12 ▶ F12-ACCESS — --plain implies --no-color
--plain automatically sets --no-color at the root command
level, so every code path that checks NoColor also catches
--plain. The NO_COLOR environment variable disables ANSI
codes per the no-color.org spec.
// cmd/ai/root.go
if gf.Plain {
gf.NoColor = true // --plain implies --no-color
}
cmd/ai/root.go
ADR:
ADR-013
— Google ID token auth was designed to work without manual key distribution, keeping the zero-config accessible path.
13 ▶ F13-EMERGE — the agent-native UI is agent-intelligence running on itself
The ultimate test of F13-EMERGE is
ADR-014 — serverless functions are rejected partly because ephemeral processes cannot accumulate the context and memory that emergent behaviour requires.
ai web and ai tui:
instead of a hand-coded dashboard, a running ai[] agent is the
interface. The agent uses its own MCP tools to navigate the UI, query databases,
propose config changes, and crystallize successful patterns into reusable skills —
tasks the developer never explicitly coded.
# Every UI action has an MCP equivalent (F09-PROTOCOL parity)
# Parity map lives at .agint/parity.yaml
# CI check: make parity-check
# The agent_config_propose tool lets the agent improve its own prompts
# New onboarding features ship as prompt fragments, not Go code (F05-OWN-PROMPT)
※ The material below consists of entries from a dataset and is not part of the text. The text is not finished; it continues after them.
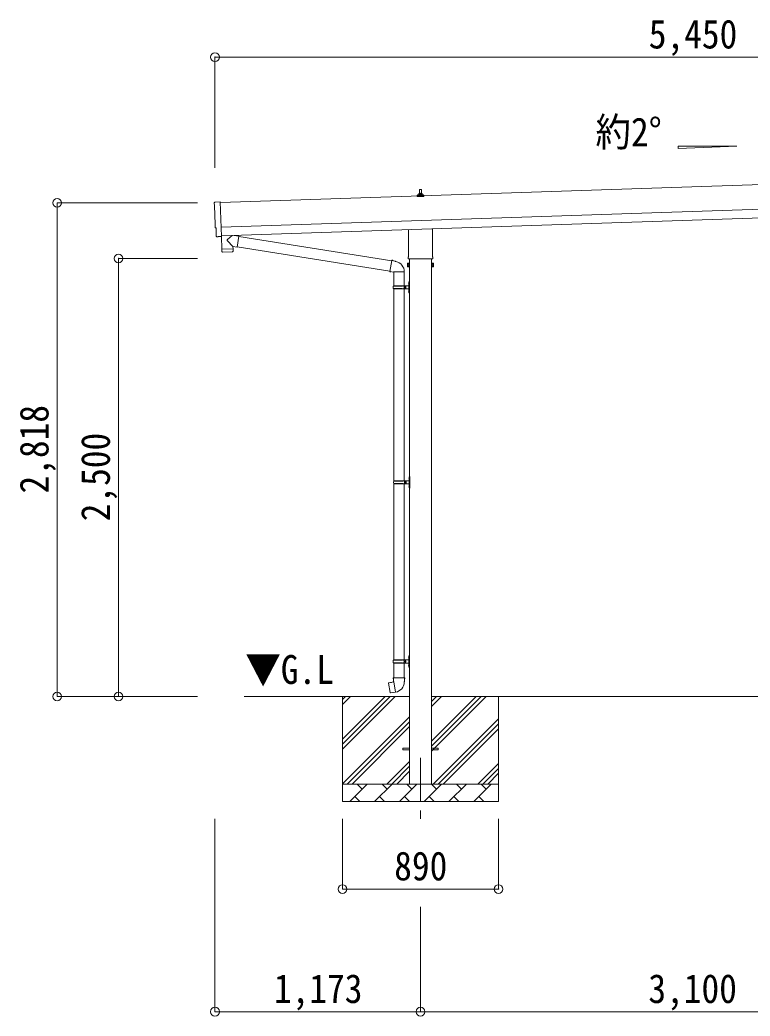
# Model space of a CAD drawing. Units: millimetres at full size, sheet at 1:50. Extents: x -14053 to 14053, y -9700 to 9700.
# Drawn here: x 1070 to 5235, y -6165 to -480 of the extents above; entities that cross this region are included whole.
import ezdxf
from ezdxf.enums import TextEntityAlignment as Align

# ---------------------------------------------------------------- set-up
doc = ezdxf.new("R2010")
doc.units = ezdxf.units.MM
doc.header["$LTSCALE"] = 50
doc.header["$PDMODE"] = 32
doc.header["$PDSIZE"] = 50
doc.linetypes.add('CHAIN1', pattern=[8, 5, -1, 1, -1])
for name, color, linetype, lineweight in [('0-1_Defpoints', 7, 'CHAIN1', 9), ('0-2_TEXT1', 4, 'Continuous', 9), ('0-3_SHAPE', 7, 'Continuous', 9), ('0-7_PARTS2', 7, 'Continuous', 9), ('0-8_TABLE1', 6, 'Continuous', 9), ('0-9_DIM1', 7, 'Continuous', 9)]:
    doc.layers.add(name, color=color, linetype=linetype, lineweight=lineweight)
doc.styles.add('ＭＳ ゴシック', font='')
doc.styles.get('ＭＳ ゴシック').set_extended_font_data('MS Gothic')

msp = doc.modelspace()

# ---------------------------------------------------------------- linework, layer by layer
at = {"layer": '0-1_Defpoints'}
msp.add_line((3355.15, -4691.27), (3355.15, -5040.27), dxfattribs=at)
at = {"layer": '0-2_TEXT1'}
for p, q in [((7595.07, -1343.24), (2213.29, -1522.63)), ((3337.66, -1478.83), (3344.38, -1477.2)), ((3344.77, -1477.01), (3365.53, -1477.01)), ((3345.15, -1476.23), (3345.15, -1472.01)), ((3346.15, -1472.01), (3364.15, -1472.01)), ((3349.15, -1472.01), (3349.88, -1448.49)), ((3350.88, -1447.51), (3359.42, -1447.51)), ((3360.42, -1448.49), (3361.15, -1472.01)), ((3365.15, -1476.23), (3365.15, -1472.01)), ((3372.63, -1478.83), (3365.91, -1477.2)), ((2181.62, -1520.25), (2213.12, -1517.55)), ((2213.12, -1517.55), (2219.71, -1715.29)), ((2217.95, -1662.56), (7599.73, -1483.16)), ((2219.62, -1712.53), (7601.4, -1533.14)), ((3336.9, -1487.51), (3336.9, -1479.8)), ((3373.4, -1487.51), (3336.9, -1487.51)), ((3337.28, -1479.01), (3373.02, -1479.01)), ((3373.4, -1487.51), (3373.4, -1479.8)), ((2188.69, -1666.92), (2188.09, -1666.94)), ((2190.26, -1713.92), (2188.69, -1666.92)), ((3286.85, -1831.5), (3286.85, -1676.95)), ((3423.45, -1672.4), (3423.45, -1831.5)), ((2200.12, -1716.95), (2193.19, -1716.82)), ((2200.85, -1716.65), (2201.5, -1716)), ((2201.5, -1716), (2219.74, -1716.3)), ((3281.15, -1869.77), (3281.91, -1868.46)), ((3281.15, -1869.77), (3281.15, -1886.77)), ((3288.15, -1868.46), (3281.91, -1868.46)), ((3288.15, -1873.37), (3281.91, -1873.37)), ((3285.15, -1840.27), (3285.15, -1834.77)), ((3423.09, -1843.77), (3287.21, -1843.77)), ((3288.15, -1888.09), (3288.15, -1868.46)), ((3288.15, -1869.07), (3290.65, -1869.07)), ((3290.65, -1867.77), (3292.65, -1867.77)), ((3290.65, -1888.77), (3290.65, -1867.77)), ((3292.65, -1843.77), (3292.65, -4841.27)), ((3292.65, -1867.77), (3292.65, -1888.77)), ((3417.65, -1843.77), (3417.65, -4841.27)), ((3419.65, -1867.77), (3417.65, -1867.77)), ((3419.65, -1888.77), (3419.65, -1867.77)), ((3422.15, -1869.07), (3419.65, -1869.07)), ((3422.15, -1868.46), (3428.39, -1868.46)), ((3422.15, -1888.09), (3422.15, -1868.46)), ((3422.15, -1873.37), (3428.39, -1873.37)), ((3425.15, -1834.77), (3425.15, -1840.27)), ((3429.15, -1869.77), (3428.39, -1868.46)), ((3429.15, -1869.77), (3429.15, -1886.77)), ((3281.15, -1886.77), (3281.91, -1888.09)), ((3288.15, -1883.18), (3281.91, -1883.18)), ((3288.15, -1888.09), (3281.91, -1888.09)), ((3290.65, -1887.47), (3288.15, -1887.47)), ((3292.65, -1888.77), (3290.65, -1888.77)), ((3417.65, -1888.77), (3419.65, -1888.77)), ((3419.65, -1887.47), (3422.15, -1887.47)), ((3422.15, -1883.18), (3428.39, -1883.18)), ((3422.15, -1888.09), (3428.39, -1888.09)), ((3429.15, -1886.77), (3428.39, -1888.09)), ((3255.15, -4645.77), (3255.15, -4636.77)), ((3255.15, -4636.77), (3292.65, -4636.77)), ((3255.15, -4645.77), (3292.65, -4645.77)), ((3417.65, -4636.77), (3455.15, -4636.77)), ((3417.65, -4645.77), (3455.15, -4645.77)), ((3455.15, -4645.77), (3455.15, -4636.77))]:
    msp.add_line(p, q, dxfattribs=at)
for centre, radius, start, end in [((3344.15, -1476.23), 1, 283.62699, 0), ((3349.23, -1472.65), 4.13, 90, 171.17633), ((3346.15, -1473.01), 1, 90, 180), ((3350.88, -1448.51), 1, 90, 178.60509), ((3358.48, -1472.01), 4.83, 133.60282, 180), ((3351.82, -1472.01), 4.83, 0, 46.39718), ((3359.42, -1448.51), 1, 1.39491, 90), ((3361.06, -1472.65), 4.13, 8.82367, 90), ((3364.15, -1473.01), 1, 0, 90), ((3366.15, -1476.23), 1, 180, 256.37301), ((3337.9, -1479.8), 1, 103.62699, 180), ((3372.4, -1479.8), 1, 0, 76.37301), ((3285.49, -1870.91), 4.34, 145.61575, 214.38425), ((3297.39, -1878.27), 16.24, 162.41205, 197.58795), ((3289.15, -1834.77), 4, 125.09963, 180), ((3289.15, -1840.27), 4, 180, 194.47751), ((3289.15, -1840.27), 4, 194.47751, 241.04498), ((3421.15, -1840.27), 4, 298.95502, 345.52249), ((3421.15, -1834.77), 4, 0, 54.90037), ((3421.15, -1840.27), 4, 345.52249, 0), ((3424.8, -1870.91), 4.34, 325.61575, 34.38425), ((3412.91, -1878.27), 16.24, 342.41205, 17.58795), ((3285.49, -1885.64), 4.34, 145.61575, 214.38425), ((3424.8, -1885.64), 4.34, 325.61575, 34.38425)]:
    msp.add_arc(centre, radius, start, end, dxfattribs=at)
for centre, major_axis, ratio, start_param, end_param in [((2181.87, -1523.24), (-3, -0.1), 0.99863, 4.7647489, 6.2979817), ((-2578.99, -1752.4), (4760.73, 158.69), 0.99863, 6.2686928, 6.2979817), ((2187.94, -1662.54), (-4.4, -0.15), 0.99863, 6.2686928, 7.8539816), ((2193.26, -1713.82), (-2.11, -2.14), 0.9974, 5.5252311, 7.0411395), ((2200.14, -1715.95), (-0.704, -0.714), 0.9974, 0.7579542, 1.5707963)]:
    msp.add_ellipse(centre, major_axis=major_axis, ratio=ratio, start_param=start_param, end_param=end_param, dxfattribs=at)
at = {"layer": '0-3_SHAPE'}
for p, q in [((3292.65, -4341.27), (2348.49, -4341.27)), ((2910.15, -4341.27), (2910.15, -4941.27)), ((2910.15, -4584.76), (3153.63, -4341.27)), ((2910.15, -4613.04), (3181.92, -4341.27)), ((2910.15, -4641.33), (3210.2, -4341.27)), ((2910.15, -4386.77), (2955.64, -4341.27)), ((2910.15, -4358.48), (2927.36, -4341.27)), ((6392.65, -4341.27), (3417.65, -4341.27)), ((3417.65, -4370.1), (3446.47, -4341.27)), ((3417.65, -4398.38), (3474.76, -4341.27)), ((3417.65, -4652.94), (3729.32, -4341.27)), ((3417.65, -4596.37), (3672.75, -4341.27)), ((3417.65, -4624.66), (3701.03, -4341.27)), ((3800.15, -4341.27), (3800.15, -4941.27)), ((2910.15, -4839.31), (3292.65, -4456.81)), ((2936.47, -4841.27), (3292.65, -4485.1)), ((3427.31, -4841.27), (3800.15, -4468.43)), ((2964.76, -4841.27), (3292.65, -4513.38)), ((3455.59, -4841.27), (3800.15, -4496.72)), ((3483.88, -4841.27), (3800.15, -4525)), ((3162.75, -4841.27), (3292.65, -4711.37)), ((3191.03, -4841.27), (3292.65, -4739.66)), ((3219.32, -4841.27), (3292.65, -4767.94)), ((3681.87, -4841.27), (3800.15, -4722.99)), ((3710.15, -4841.27), (3800.15, -4751.27)), ((3738.43, -4841.27), (3800.15, -4779.56)), ((2910.15, -4841.27), (3800.15, -4841.27)), ((2951.6, -4941.27), (3051.6, -4841.27)), ((3023.04, -4869.83), (2994.49, -4841.27)), ((3093.02, -4941.27), (3193.02, -4841.27)), ((3164.46, -4869.83), (3135.91, -4841.27)), ((3234.44, -4941.27), (3334.44, -4841.27)), ((3305.89, -4869.83), (3277.33, -4841.27)), ((3375.86, -4941.27), (3475.86, -4841.27)), ((3447.31, -4869.83), (3418.75, -4841.27)), ((3517.28, -4941.27), (3617.28, -4841.27)), ((3588.73, -4869.83), (3560.17, -4841.27)), ((3658.7, -4941.27), (3758.7, -4841.27)), ((3730.15, -4869.83), (3701.6, -4841.27)), ((3800.15, -4941.27), (2910.15, -4941.27)), ((2980.15, -4912.72), (3008.7, -4941.27)), ((3121.57, -4912.72), (3150.12, -4941.27)), ((3262.99, -4912.72), (3291.55, -4941.27)), ((3404.41, -4912.72), (3432.97, -4941.27)), ((3545.83, -4912.72), (3574.39, -4941.27)), ((3687.26, -4912.72), (3715.81, -4941.27))]:
    msp.add_line(p, q, dxfattribs=at)
at = {"layer": '0-7_PARTS2', "color": 4}
msp.add_lwpolyline([(5160.51, -1201.09), (4824.51, -1213.5), (4824.51, -1201.09)], close=True, dxfattribs=at)
at = {"layer": '0-8_TABLE1'}
for p, q in [((2182.51, -692.16), (7632.18, -692.16)), ((2182.51, -692.16), (2182.51, -1323.55)), ((1282.51, -1523.66), (1282.51, -4341.27)), ((1282.51, -1523.66), (2082.51, -1523.66)), ((1632.51, -1841.27), (1632.51, -4341.27)), ((1632.51, -1841.27), (2082.51, -1841.27)), ((1282.51, -4341.27), (2082.51, -4341.27)), ((2182.51, -6140.27), (2182.51, -5040.27)), ((2910.15, -5440.27), (2910.15, -5040.27)), ((3800.15, -5440.27), (3800.15, -5040.27)), ((2910.15, -5440.27), (3800.15, -5440.27)), ((3355.15, -6140.27), (3355.15, -5542.27)), ((3355.15, -6140.27), (2182.51, -6140.27)), ((3355.15, -6140.27), (6455.15, -6140.27))]:
    msp.add_line(p, q, dxfattribs=at)
for p in [(2182.51, -692.16), (1282.51, -1523.66), (1632.51, -1841.27), (1282.51, -4341.27), (1632.51, -4341.27), (2910.15, -5440.27), (3800.15, -5440.27), (2182.51, -6140.27), (3355.15, -6140.27)]:
    msp.add_point(p, dxfattribs=at)
at = {"layer": '0-9_DIM1'}
for p, q in [((2219.34, -1716.29), (2221.71, -1787.5)), ((2219.71, -1715.29), (2219.74, -1716.3)), ((2285.28, -1773.36), (2253.78, -1740.85)), ((2281.03, -1710.48), (2253.82, -1733.51)), ((2318.72, -1713.77), (2292.81, -1710.09)), ((2318.72, -1713.77), (2309.76, -1776.84)), ((2318.46, -1715.6), (3191.28, -1854.52)), ((2221.71, -1787.5), (2285.68, -1785.37)), ((2285.71, -1786.37), (2221.75, -1788.5)), ((2221.75, -1788.5), (2222.41, -1801.54)), ((2283.02, -1802.47), (2225.51, -1804.38)), ((2226.21, -1787.35), (2226.26, -1788.35)), ((2281.18, -1785.52), (2281.2, -1786.52)), ((2285.28, -1773.36), (2285.68, -1785.37)), ((2285.28, -1773.36), (2309.76, -1776.84)), ((2285.92, -1799.42), (2285.71, -1786.37)), ((2310.02, -1775.01), (3180.86, -1913.62)), ((3191.6, -1852.71), (3180.54, -1915.44)), ((3191.6, -1852.71), (3211.24, -1856.52)), ((3196.31, -1851.35), (3196.72, -1853.7)), ((3211.24, -1856.52), (3212.92, -1858.15)), ((3212.92, -1858.15), (3215.04, -1858.6)), ((3180.54, -1915.44), (3200.3, -1918.57)), ((3180.54, -1915.44), (3180.94, -1917.69)), ((3180.94, -1917.69), (3184.5, -1918.32)), ((3184.5, -1918.32), (3185.69, -1916.25)), ((3200.3, -1918.57), (3202.5, -1917.58)), ((3262.8, -1917.98), (3201.61, -1917.98)), ((3202.65, -1917.98), (3202.65, -1997.27)), ((3262.65, -1917.98), (3262.65, -1997.27)), ((3286.35, -1980.13), (3288.39, -1981.12)), ((3286.35, -1984.42), (3288.39, -1983.42)), ((3287.62, -1978.12), (3287.62, -1986.42)), ((3287.62, -1978.12), (3288.25, -1978.12)), ((3287.62, -1986.42), (3288.25, -1986.42)), ((3288.25, -1978.12), (3288.65, -1978.52)), ((3288.25, -1978.12), (3288.25, -1986.42)), ((3288.25, -1986.42), (3288.65, -1986.02)), ((3288.39, -1981.12), (3289, -1982.27)), ((3288.39, -1983.42), (3289, -1982.27)), ((3288.65, -1974.27), (3291.65, -1972.77)), ((3288.65, -1974.27), (3288.65, -2038.27)), ((3291.65, -1972.77), (3292.65, -1972.77)), ((3291.65, -1972.77), (3291.65, -2039.77)), ((3292.65, -1972.77), (3292.65, -2039.77)), ((3199.65, -1999.27), (3249.98, -1999.27)), ((3199.65, -2013.27), (3249.98, -2013.27)), ((3200.65, -1997.27), (3200.65, -1999.27)), ((3200.65, -1997.27), (3286.65, -1997.27)), ((3200.65, -2015.27), (3200.65, -2013.27)), ((3200.65, -2015.27), (3286.65, -2015.27)), ((3202.65, -2015.27), (3202.65, -3109.77)), ((3259.65, -1997.27), (3259.65, -2001.77)), ((3259.65, -2010.77), (3261.65, -2010.77)), ((3259.65, -2015.27), (3259.65, -2010.77)), ((3262.65, -2015.27), (3262.65, -3109.77)), ((3267.65, -1997.27), (3267.65, -2015.27)), ((3267.65, -2010.77), (3270.65, -2010.77)), ((3286.35, -2028.13), (3288.39, -2029.12)), ((3286.35, -2032.42), (3288.39, -2031.42)), ((3287.62, -2026.12), (3287.62, -2034.42)), ((3287.62, -2026.12), (3288.25, -2026.12)), ((3287.62, -2034.42), (3288.25, -2034.42)), ((3288.25, -2026.12), (3288.65, -2026.52)), ((3288.25, -2026.12), (3288.25, -2034.42)), ((3288.25, -2034.42), (3288.65, -2034.02)), ((3288.39, -2029.12), (3289, -2030.27)), ((3288.39, -2031.42), (3289, -2030.27)), ((3288.65, -2038.27), (3291.65, -2039.77)), ((3291.65, -2039.77), (3292.65, -2039.77)), ((3202.15, -3111.77), (3252.48, -3111.77)), ((3202.15, -3125.77), (3252.48, -3125.77)), ((3203.15, -3109.77), (3203.15, -3111.77)), ((3203.15, -3109.77), (3289.15, -3109.77)), ((3203.15, -3127.77), (3203.15, -3125.77)), ((3262.15, -3109.77), (3262.15, -3114.27)), ((3262.15, -3123.27), (3264.15, -3123.27)), ((3262.15, -3127.77), (3262.15, -3123.27)), ((3270.15, -3109.77), (3270.15, -3127.77)), ((3270.15, -3123.27), (3273.15, -3123.27)), ((3288.85, -3092.63), (3290.89, -3093.62)), ((3288.85, -3096.92), (3290.89, -3095.92)), ((3290.12, -3090.62), (3290.12, -3098.92)), ((3290.12, -3090.62), (3290.75, -3090.62)), ((3290.12, -3098.92), (3290.75, -3098.92)), ((3290.75, -3090.62), (3291.15, -3091.02)), ((3290.75, -3090.62), (3290.75, -3098.92)), ((3290.75, -3098.92), (3291.15, -3098.52)), ((3290.89, -3093.62), (3291.5, -3094.77)), ((3290.89, -3095.92), (3291.5, -3094.77)), ((3291.15, -3086.77), (3294.15, -3085.27)), ((3291.15, -3086.77), (3291.15, -3150.77)), ((3294.15, -3085.27), (3295.15, -3085.27)), ((3294.15, -3085.27), (3294.15, -3152.27)), ((3295.15, -3085.27), (3295.15, -3152.27)), ((3202.65, -3127.77), (3202.65, -4132.27)), ((3203.15, -3127.77), (3289.15, -3127.77)), ((3262.65, -3127.77), (3262.65, -4132.27)), ((3288.85, -3140.63), (3290.89, -3141.62)), ((3288.85, -3144.92), (3290.89, -3143.92)), ((3290.12, -3138.62), (3290.12, -3146.92)), ((3290.12, -3138.62), (3290.75, -3138.62)), ((3290.12, -3146.92), (3290.75, -3146.92)), ((3290.75, -3138.62), (3291.15, -3139.02)), ((3290.75, -3138.62), (3290.75, -3146.92)), ((3290.75, -3146.92), (3291.15, -3146.52)), ((3290.89, -3141.62), (3291.5, -3142.77)), ((3290.89, -3143.92), (3291.5, -3142.77)), ((3291.15, -3150.77), (3294.15, -3152.27)), ((3294.15, -3152.27), (3295.15, -3152.27)), ((3199.65, -4134.27), (3249.98, -4134.27)), ((3199.65, -4148.27), (3249.98, -4148.27)), ((3200.65, -4132.27), (3200.65, -4134.27)), ((3200.65, -4132.27), (3286.65, -4132.27)), ((3200.65, -4150.27), (3200.65, -4148.27)), ((3200.65, -4150.27), (3286.65, -4150.27)), ((3202.65, -4150.27), (3202.65, -4235.2)), ((3259.65, -4132.27), (3259.65, -4136.77)), ((3259.65, -4145.77), (3261.65, -4145.77)), ((3259.65, -4150.27), (3259.65, -4145.77)), ((3262.65, -4150.27), (3262.65, -4235.2)), ((3267.65, -4132.27), (3267.65, -4150.27)), ((3267.65, -4145.77), (3270.65, -4145.77)), ((3286.35, -4115.13), (3288.39, -4116.12)), ((3286.35, -4119.42), (3288.39, -4118.42)), ((3287.62, -4113.12), (3287.62, -4121.42)), ((3287.62, -4113.12), (3288.25, -4113.12)), ((3287.62, -4121.42), (3288.25, -4121.42)), ((3288.25, -4113.12), (3288.65, -4113.52)), ((3288.25, -4113.12), (3288.25, -4121.42)), ((3288.25, -4121.42), (3288.65, -4121.02)), ((3288.39, -4116.12), (3289, -4117.27)), ((3288.39, -4118.42), (3289, -4117.27)), ((3288.65, -4109.27), (3291.65, -4107.77)), ((3288.65, -4109.27), (3288.65, -4173.27)), ((3291.65, -4107.77), (3292.65, -4107.77)), ((3291.65, -4107.77), (3291.65, -4174.77)), ((3292.65, -4107.77), (3292.65, -4174.77)), ((3286.35, -4163.13), (3288.39, -4164.12)), ((3286.35, -4167.42), (3288.39, -4166.42)), ((3287.62, -4161.12), (3287.62, -4169.42)), ((3287.62, -4161.12), (3288.25, -4161.12)), ((3287.62, -4169.42), (3288.25, -4169.42)), ((3288.25, -4161.12), (3288.65, -4161.52)), ((3288.25, -4161.12), (3288.25, -4169.42)), ((3288.25, -4169.42), (3288.65, -4169.02)), ((3288.39, -4164.12), (3289, -4165.27)), ((3288.39, -4166.42), (3289, -4165.27)), ((3186.93, -4261.05), (3186.72, -4261.29)), ((3188.9, -4260.68), (3186.93, -4261.05)), ((3189.18, -4260.83), (3188.9, -4260.68)), ((3200.8, -4235.2), (3198.65, -4235.98)), ((3198.65, -4235.98), (3198.65, -4239.6)), ((3198.65, -4239.6), (3200.89, -4240.42)), ((3200.8, -4235.2), (3201.15, -4255.2)), ((3264.5, -4235.2), (3200.8, -4235.2)), ((3201.15, -4255.2), (3202.5, -4257.2)), ((3212.41, -4315.7), (3202.28, -4258.22)), ((3202.3, -4257.4), (3202.3, -4258.11)), ((3202.5, -4257.2), (3202.47, -4257.21)), ((3262.84, -4257.14), (3262.76, -4259.31)), ((3264.15, -4255.2), (3262.84, -4257.14)), ((3264.5, -4235.2), (3264.15, -4255.2)), ((3266.65, -4239.6), (3264.41, -4240.42)), ((3264.5, -4235.2), (3266.65, -4235.98)), ((3266.65, -4235.98), (3266.65, -4239.6)), ((3173.38, -4264.82), (3183, -4319.38)), ((3184.16, -4320.2), (3183, -4319.38)), ((3212.14, -4315.61), (3184.16, -4320.2)), ((3197.02, -4318.29), (3196.74, -4318.14)), ((3199, -4317.97), (3197.02, -4318.29)), ((3199.21, -4317.73), (3199, -4317.97)), ((3212.72, -4316.46), (3212.47, -4315.8))]:
    msp.add_line(p, q, dxfattribs=at)
for points in [[(3191.6, -1852.71), (3192.74, -1850.72), (3196.31, -1851.35)], [(3259.65, -2001.77), (3261.65, -2001.77), (3261.65, -2010.77)], [(3267.65, -2001.77), (3270.65, -2001.77), (3270.65, -2010.77)], [(3262.15, -3114.27), (3264.15, -3114.27), (3264.15, -3123.27)], [(3270.15, -3114.27), (3273.15, -3114.27), (3273.15, -3123.27)], [(3259.65, -4136.77), (3261.65, -4136.77), (3261.65, -4145.77)], [(3267.65, -4136.77), (3270.65, -4136.77), (3270.65, -4145.77)], [(3288.65, -4173.27), (3291.65, -4174.77), (3292.65, -4174.77)], [(3202.06, -4258.4), (3174.19, -4263.65), (3173.38, -4264.82)]]:
    msp.add_lwpolyline(points, dxfattribs=at)
for centre, radius, start, end in [((2257.2, -1737.2), 5, 132.56466, 226.88314), ((2225.41, -1801.39), 3, 182.90915, 271.95747), ((2282.92, -1799.47), 3, 271.90915, 0.90915), ((3202.5, -1917.58), 60.3, 359.62495, 78), ((3291.95, -1982.27), 6, 136.21765, 223.78235), ((3248.4, -2006.27), 49.25, 171.82876, 180.00002), ((3248.4, -2006.27), 49.25, 180.00002, 188.17127), ((3249.98, -1997.27), 2, 270, 359.99998), ((3249.98, -2015.27), 2, 0.00005, 90.00004), ((3291.95, -2030.27), 6, 136.21765, 223.78235), ((3286.65, -1995.27), 2, 270, 359.99998), ((3286.65, -2017.27), 2, 0.00005, 90.00004), ((3250.9, -3118.77), 49.25, 171.82876, 180.00002), ((3250.9, -3118.77), 49.25, 180.00002, 188.17127), ((3252.48, -3109.77), 2, 270, 359.99998), ((3252.48, -3127.77), 2, 0.00005, 90.00004), ((3294.45, -3094.77), 6, 136.21765, 223.78235), ((3289.15, -3107.77), 2, 270, 359.99998), ((3294.45, -3142.77), 6, 136.21765, 223.78235), ((3289.15, -3129.77), 2, 0.00005, 90.00004), ((3248.4, -4141.27), 49.25, 171.82876, 180.00002), ((3248.4, -4141.27), 49.25, 180.00002, 188.17127), ((3249.98, -4132.27), 2, 270, 359.99998), ((3249.98, -4150.27), 2, 0.00005, 90.00004), ((3291.95, -4117.27), 6, 136.21765, 223.78235), ((3286.65, -4130.27), 2, 270, 359.99998), ((3286.65, -4152.27), 2, 0.00005, 90.00004), ((3291.95, -4165.27), 6, 136.21765, 223.78235), ((3202, -4258.11), 0.3, 280.66842, 0), ((3202.5, -4257.4), 0.2, 100, 180), ((3202.5, -4257.2), 60.3, 279.96938, 358), ((3212.19, -4315.9), 0.3, 20, 99.33158), ((3212.9, -4316.39), 0.2, 200, 279.96938)]:
    msp.add_arc(centre, radius, start, end, dxfattribs=at)

# ---------------------------------------------------------------- texts
at = {"layer": '0-7_PARTS2', "style": 'ＭＳ ゴシック', "width": 0.9}
for s, p in [('約2°', (4353.43, -1251.14)), ('▼G.L', (2355.77, -4319.06))]:
    msp.add_text(s, height=165, dxfattribs=at).set_placement(p, align=Align.BOTTOM_LEFT)
at = {"layer": '0-8_TABLE1', "color": 7, "style": 'ＭＳ ゴシック', "width": 0.9}
for s, p in [('5,450', (4657.34, -692.16)), ('890', (3205.15, -5440.27)), ('1,173', (2518.83, -6140.27)), ('3,100', (4655.15, -6140.27))]:
    msp.add_text(s, height=165, dxfattribs=at).set_placement(p, align=Align.BOTTOM_LEFT)
for s, p in [('2,818', (1282.51, -3182.47)), ('2,500', (1632.51, -3341.27))]:
    msp.add_text(s, height=165, rotation=90, dxfattribs=at).set_placement(p, align=Align.BOTTOM_LEFT)

doc.saveas('drawing.dxf')

# Memory crystallizes successful tool sequences into skills (F07-STATELESS)
ADR:
ADR-009
— the sandbox subsystem provides the atomic primitives (shell, JS, Python) that
enable emergent agent behaviour. Agents compose these tiers to accomplish tasks
the sandbox was not explicitly built for.
ADR-014 — serverless functions are rejected partly because ephemeral processes cannot accumulate the context and memory that emergent behaviour requires.